食道がんや胃がん 手術で「切らない」選択肢も検討すべし

手術以外の選択肢を考慮すべきケースとは

 病の原因を直接取り除く「手術」は医療における最も基本的な治療方法であり、その「効果」は立証されている。

 がん治療でも、放射線治療の進歩、抗がん剤の開発が進んでいるとはいえ、「切れる」のであれば、外科手術は依然、医師にとって第一の選択肢といえる。しかし、高齢者の場合、がんの発症部位によって効果の高い手術、低い手術があることがわかってきている。

 とくに「受けてはいけない手術」となる可能性が高いのはどこか。

◆前立腺がん・喉頭がん

 千葉県がんセンター研究所がん予防センターの公表している「全がん協生存率調査」によれば、初期の前立腺がんや喉頭がんでは手術の有無による5年生存率の差がほとんど見られない。

 前立腺がんステージIでは手術ありが4.8%だけ上回るが、ステージIIではどちらも100%で同率。喉頭がんのステージIは3.4%差、ステージIIでは逆に「手術なし」が0.9%上回っている。『不要なクスリ 無用な手術』の著者で、医師・ジャーナリストの富家孝氏は、そのデータを踏まえてこう指摘する。
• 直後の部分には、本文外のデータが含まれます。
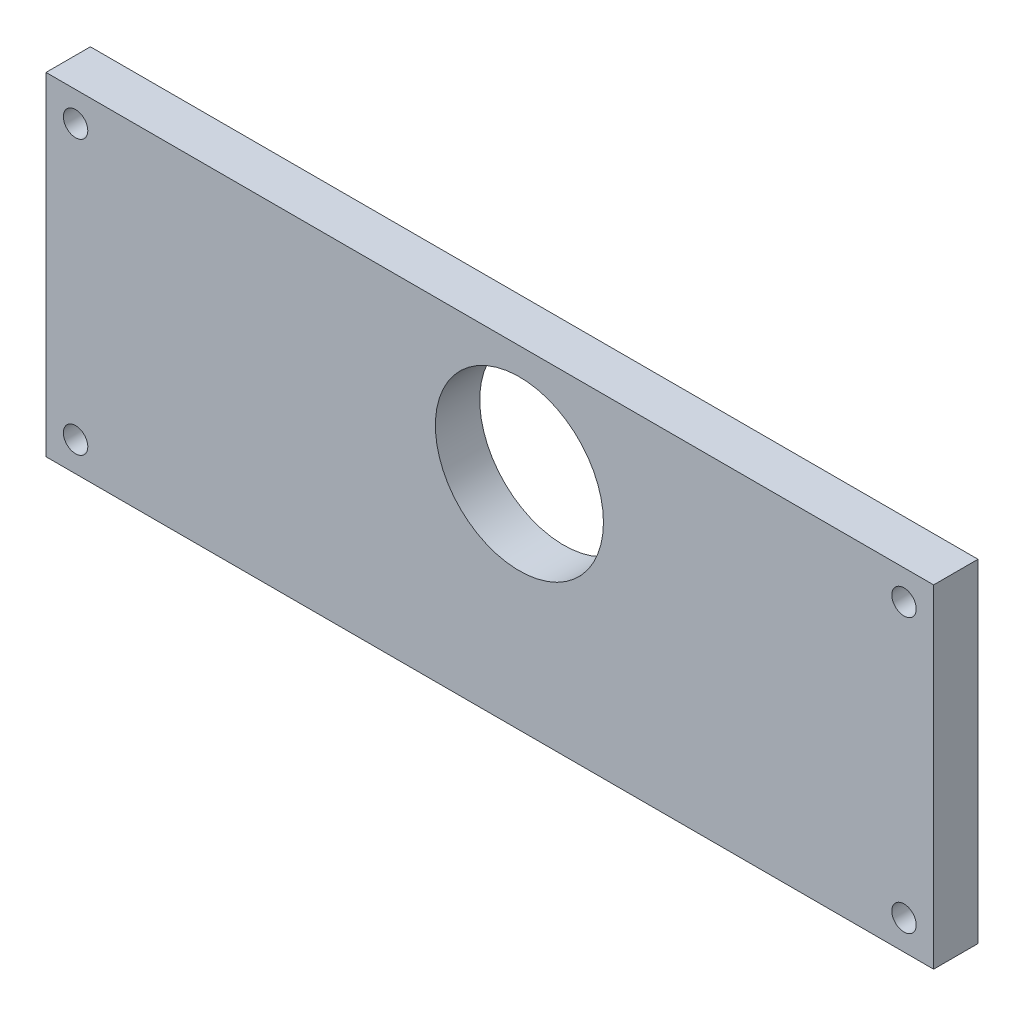
ISO-10303-21;
HEADER;
FILE_DESCRIPTION(('STEP AP214'),'2;1');
FILE_NAME('part.step','',(''),(''),'','','');
FILE_SCHEMA(('AUTOMOTIVE_DESIGN { 1 0 10303 214 1 1 1 1 }'));
ENDSEC;
DATA;
#1=APPLICATION_CONTEXT('core data for automotive mechanical design processes');
#2=APPLICATION_PROTOCOL_DEFINITION('international standard','automotive_design',2000,#1);
#3=PRODUCT_CONTEXT('',#1,'mechanical');
#4=PRODUCT('Part','Part','',(#3));
#5=PRODUCT_RELATED_PRODUCT_CATEGORY('part','',(#4));
#6=PRODUCT_DEFINITION_FORMATION('','',#4);
#7=PRODUCT_DEFINITION_CONTEXT('part definition',#1,'design');
#8=PRODUCT_DEFINITION('design','',#6,#7);
#9=PRODUCT_DEFINITION_SHAPE('','',#8);
#10=(LENGTH_UNIT() NAMED_UNIT(*) SI_UNIT(.MILLI.,.METRE.));
#11=(NAMED_UNIT(*) PLANE_ANGLE_UNIT() SI_UNIT($,.RADIAN.));
#12=(NAMED_UNIT(*) SI_UNIT($,.STERADIAN.) SOLID_ANGLE_UNIT());
#13=UNCERTAINTY_MEASURE_WITH_UNIT(LENGTH_MEASURE(1.E-05),#10,'distance_accuracy_value','');
#14=(GEOMETRIC_REPRESENTATION_CONTEXT(3) GLOBAL_UNCERTAINTY_ASSIGNED_CONTEXT((#13)) GLOBAL_UNIT_ASSIGNED_CONTEXT((#10,
#11,#12)) REPRESENTATION_CONTEXT('',''));
#15=CARTESIAN_POINT('',(0.,0.,0.));
#16=DIRECTION('',(0.,0.,1.));
#17=DIRECTION('',(1.,0.,0.));
#18=AXIS2_PLACEMENT_3D('',#15,#16,#17);
#19=CARTESIAN_POINT('',(4.,41.,6.));
#20=DIRECTION('',(0.,0.,-1.));
#21=DIRECTION('',(-1.,0.,0.));
#22=AXIS2_PLACEMENT_3D('',#19,#20,#21);
#23=CYLINDRICAL_SURFACE('',#22,1.65);
#24=CARTESIAN_POINT('',(4.,41.,6.));
#25=DIRECTION('',(0.,0.,1.));
#26=DIRECTION('',(1.,0.,0.));
#27=AXIS2_PLACEMENT_3D('',#24,#25,#26);
#28=CIRCLE('',#27,1.65);
#29=CARTESIAN_POINT('',(5.65,41.,6.));
#30=VERTEX_POINT('',#29);
#31=EDGE_CURVE('E139',#30,#30,#28,.T.);
#32=ORIENTED_EDGE('',*,*,#31,.T.);
#33=EDGE_LOOP('',(#32));
#34=FACE_BOUND('',#33,.T.);
#35=CARTESIAN_POINT('',(4.,41.,3.));
#36=DIRECTION('',(0.,0.,-1.));
#37=DIRECTION('',(-1.,0.,0.));
#38=AXIS2_PLACEMENT_3D('',#35,#36,#37);
#39=CIRCLE('',#38,1.65);
#40=CARTESIAN_POINT('',(2.35,41.,3.));
#41=VERTEX_POINT('',#40);
#42=EDGE_CURVE('E163',#41,#41,#39,.T.);
#43=ORIENTED_EDGE('',*,*,#42,.T.);
#44=EDGE_LOOP('',(#43));
#45=FACE_BOUND('',#44,.T.);
#46=ADVANCED_FACE('F43',(#34,#45),#23,.F.);
#47=CARTESIAN_POINT('',(4.,4.,6.));
#48=DIRECTION('',(0.,0.,-1.));
#49=DIRECTION('',(-1.,0.,0.));
#50=AXIS2_PLACEMENT_3D('',#47,#48,#49);
#51=CYLINDRICAL_SURFACE('',#50,1.65);
#52=CARTESIAN_POINT('',(4.,4.,6.));
#53=DIRECTION('',(0.,0.,1.));
#54=DIRECTION('',(-1.,0.,0.));
#55=AXIS2_PLACEMENT_3D('',#52,#53,#54);
#56=CIRCLE('',#55,1.65);
#57=CARTESIAN_POINT('',(2.35,4.,6.));
#58=VERTEX_POINT('',#57);
#59=EDGE_CURVE('E146',#58,#58,#56,.T.);
#60=ORIENTED_EDGE('',*,*,#59,.T.);
#61=EDGE_LOOP('',(#60));
#62=FACE_BOUND('',#61,.T.);
#63=CARTESIAN_POINT('',(4.,4.,3.));
#64=DIRECTION('',(0.,0.,-1.));
#65=DIRECTION('',(-1.,0.,0.));
#66=AXIS2_PLACEMENT_3D('',#63,#64,#65);
#67=CIRCLE('',#66,1.65);
#68=CARTESIAN_POINT('',(2.35,4.,3.));
#69=VERTEX_POINT('',#68);
#70=EDGE_CURVE('E170',#69,#69,#67,.T.);
#71=ORIENTED_EDGE('',*,*,#70,.T.);
#72=EDGE_LOOP('',(#71));
#73=FACE_BOUND('',#72,.T.);
#74=ADVANCED_FACE('F232',(#62,#73),#51,.F.);
#75=CARTESIAN_POINT('',(116.,41.,6.));
#76=DIRECTION('',(0.,0.,-1.));
#77=DIRECTION('',(-1.,0.,0.));
#78=AXIS2_PLACEMENT_3D('',#75,#76,#77);
#79=CYLINDRICAL_SURFACE('',#78,1.65);
#80=CARTESIAN_POINT('',(116.,41.,6.));
#81=DIRECTION('',(0.,0.,1.));
#82=DIRECTION('',(-1.,0.,0.));
#83=AXIS2_PLACEMENT_3D('',#80,#81,#82);
#84=CIRCLE('',#83,1.65);
#85=CARTESIAN_POINT('',(114.35,41.,6.));
#86=VERTEX_POINT('',#85);
#87=EDGE_CURVE('E150',#86,#86,#84,.T.);
#88=ORIENTED_EDGE('',*,*,#87,.T.);
#89=EDGE_LOOP('',(#88));
#90=FACE_BOUND('',#89,.T.);
#91=CARTESIAN_POINT('',(116.,41.,3.));
#92=DIRECTION('',(0.,0.,-1.));
#93=DIRECTION('',(-1.,0.,0.));
#94=AXIS2_PLACEMENT_3D('',#91,#92,#93);
#95=CIRCLE('',#94,1.65);
#96=CARTESIAN_POINT('',(114.35,41.,3.));
#97=VERTEX_POINT('',#96);
#98=EDGE_CURVE('E171',#97,#97,#95,.T.);
#99=ORIENTED_EDGE('',*,*,#98,.T.);
#100=EDGE_LOOP('',(#99));
#101=FACE_BOUND('',#100,.T.);
#102=ADVANCED_FACE('F238',(#90,#101),#79,.F.);
#103=CARTESIAN_POINT('',(116.,4.,6.));
#104=DIRECTION('',(0.,0.,-1.));
#105=DIRECTION('',(-1.,0.,0.));
#106=AXIS2_PLACEMENT_3D('',#103,#104,#105);
#107=CYLINDRICAL_SURFACE('',#106,1.65);
#108=CARTESIAN_POINT('',(116.,4.,6.));
#109=DIRECTION('',(0.,0.,1.));
#110=DIRECTION('',(1.,0.,0.));
#111=AXIS2_PLACEMENT_3D('',#108,#109,#110);
#112=CIRCLE('',#111,1.65);
#113=CARTESIAN_POINT('',(117.65,4.,6.));
#114=VERTEX_POINT('',#113);
#115=EDGE_CURVE('E154',#114,#114,#112,.T.);
#116=ORIENTED_EDGE('',*,*,#115,.T.);
#117=EDGE_LOOP('',(#116));
#118=FACE_BOUND('',#117,.T.);
#119=CARTESIAN_POINT('',(116.,4.,3.));
#120=DIRECTION('',(0.,0.,-1.));
#121=DIRECTION('',(-1.,0.,0.));
#122=AXIS2_PLACEMENT_3D('',#119,#120,#121);
#123=CIRCLE('',#122,1.65);
#124=CARTESIAN_POINT('',(114.35,4.,3.));
#125=VERTEX_POINT('',#124);
#126=EDGE_CURVE('E184',#125,#125,#123,.T.);
#127=ORIENTED_EDGE('',*,*,#126,.T.);
#128=EDGE_LOOP('',(#127));
#129=FACE_BOUND('',#128,.T.);
#130=ADVANCED_FACE('F250',(#118,#129),#107,.F.);
#131=CARTESIAN_POINT('',(0.,0.,6.));
#132=DIRECTION('',(0.,0.,-1.));
#133=DIRECTION('',(-1.,0.,0.));
#134=AXIS2_PLACEMENT_3D('',#131,#132,#133);
#135=PLANE('',#134);
#136=DIRECTION('',(0.,-1.,0.));
#137=VECTOR('',#136,1.);
#138=CARTESIAN_POINT('',(0.,0.,6.));
#139=LINE('',#138,#137);
#140=CARTESIAN_POINT('',(0.,45.,6.));
#141=VERTEX_POINT('',#140);
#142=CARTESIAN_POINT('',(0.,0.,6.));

「前立腺がんの手術は排尿障害や勃起障害を起こしてしまう可能性もある。転移がなければほとんどの場合は進行が遅く、70歳以上はもちろん60代後半なら切除しなくていいという意見は医学界でも多い。QOL(生活の質)を重視するなら、放射線治療や抗がん剤、ホルモン療法などを検討すべきです」

 甲状腺がんも他のがんに比べ進行が遅く「高齢者なら寿命が先に来る場合も多い」(同前)という。

 手術ありの生存率と手術なしの生存率を比較して、「手術あり」が上回るがんであっても、手術以外の選択肢を考慮すべき場合もある。

◆食道がん

 臨床データなどでは放射線治療の成績が手術と遜色なく、「切らない」選択肢が積極的に検討される部位だ。消化器外科の手術経験が豊富な北野國空医師がいう。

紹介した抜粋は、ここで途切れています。